Sadie picked up the crushed beer can and started toward the front of the house.
“Do you want any help?” he asked.
Sadie stopped in her tracks and turned. They were nearly the same height at about five-ten.
He was rangy where she was plush, with ample hips and thick thighs.
The kind of thighs Josh fantasized about worshipping.
She gave him an assessing look that sent a bead of sweat running down his spine.
This look had an extra whiff of I could snap you like a twig .
“What could you do?”
“Maybe we can find cuttings from what’s left of the plants? And then I’ll take down my neighbor and his ridiculous hogs.”
“Are you fucking with me?” she asked.
He most definitely wasn’t. Maybe he wouldn’t let her know about his promise just yet.
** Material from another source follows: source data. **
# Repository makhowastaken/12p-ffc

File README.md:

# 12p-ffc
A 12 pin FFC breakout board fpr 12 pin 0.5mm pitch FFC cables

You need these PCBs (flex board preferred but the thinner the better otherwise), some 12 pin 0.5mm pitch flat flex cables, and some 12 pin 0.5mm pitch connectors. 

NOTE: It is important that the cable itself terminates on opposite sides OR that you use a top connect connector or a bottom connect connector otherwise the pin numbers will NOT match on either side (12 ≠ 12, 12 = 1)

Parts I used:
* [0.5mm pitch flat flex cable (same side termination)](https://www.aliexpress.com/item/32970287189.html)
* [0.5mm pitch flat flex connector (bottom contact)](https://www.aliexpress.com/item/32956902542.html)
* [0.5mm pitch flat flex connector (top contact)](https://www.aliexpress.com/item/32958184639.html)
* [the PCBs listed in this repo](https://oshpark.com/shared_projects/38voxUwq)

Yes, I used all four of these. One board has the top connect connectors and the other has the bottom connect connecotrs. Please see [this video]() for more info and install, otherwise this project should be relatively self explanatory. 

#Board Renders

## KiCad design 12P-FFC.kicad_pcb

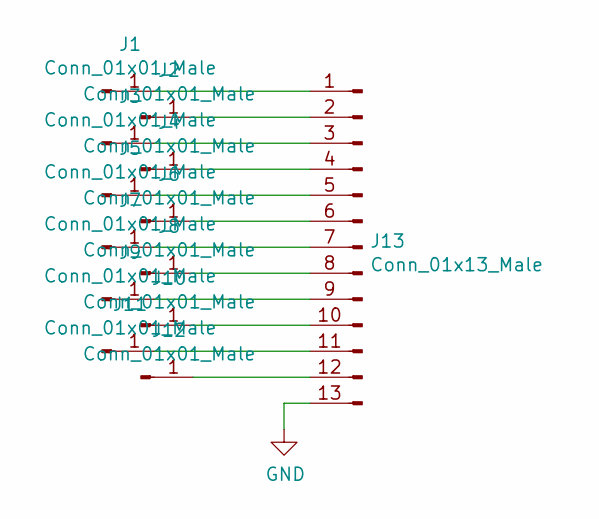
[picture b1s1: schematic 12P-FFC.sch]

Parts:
J1, J2, J3, J4, J5, J6, J7, J8, J9, J10, J11, J12: Conn_01x01_Male; TestPoint_Pad_D1.5mm
J13: Conn_01x13_Male; TE_1-1734839-2_1x12-1MP_P0.5mm_Horizontal

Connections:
GND: J13.13
unnamed: J1.1, J13.1
unnamed: J10.1, J13.10
unnamed: J11.1, J13.11
unnamed: J12.1, J13.12
unnamed: J2.1, J13.2
unnamed: J3.1, J13.3
unnamed: J4.1, J13.4
unnamed: J5.1, J13.5
unnamed: J6.1, J13.6
unnamed: J7.1, J13.7
unnamed: J8.1, J13.8
unnamed: J9.1, J13.9

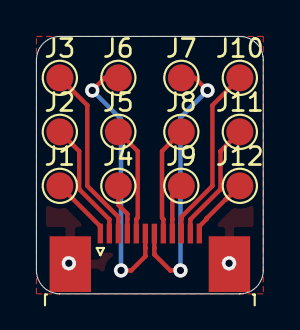
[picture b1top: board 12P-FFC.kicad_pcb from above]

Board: 2 copper layers, 12.6 x 14.3 mm, 13 parts (0 on the bottom side), 12 nets.

Stu had said that Sadie was capable and wouldn’t need any help.
Then again, the man had also rejected the fencing.
“No. Stu’s done so much for me. If my dingus neighbor isn’t going to do the bare minimum to keep his hogs out of everyone else’s property, I’ll do it for him, and I’ll make him pay for this.
” He paused before adding, “But only if you want me to.”
Sadie looked at him askance. “Not with, like, his life, though, right?”
Since moving to Indiana, he’d swapped all the tech-bro hoodies and expensive sneakers for a simple wardrobe of plaid button-ups and boots.
He looked cooler now, but he certainly didn’t think he could pass for someone with a deadly revenge fantasy.
“Ha! No. This half-baked venture of his, which is called Go Hog Wild, by the way, has been mired in zoning problems. And I’m about to be his biggest zoning problem. ”
“Do I have to be involved?” she asked suspiciously.
“I don’t think so. I’ll take some photos of the damage for evidence and that ought to do it. I might have a question here and there, but you can always tell me to go away. Lord knows your father does. But first, the cuttings. Do you have some pruning shears handy?”
A ghost of a smile passed over her face. “In the garage,” she said. “Knock yourself out.”
“Could I get a hand finding them?” he asked with all the hope in his heart. She rolled her eyes and walked back toward him.
“I could use another beer anyway,” she said. “Can’t believe the whole pumpkin crop is gone in the blink of an eye.”
Josh followed her into the garage—a waste of timber he was dying to tear down.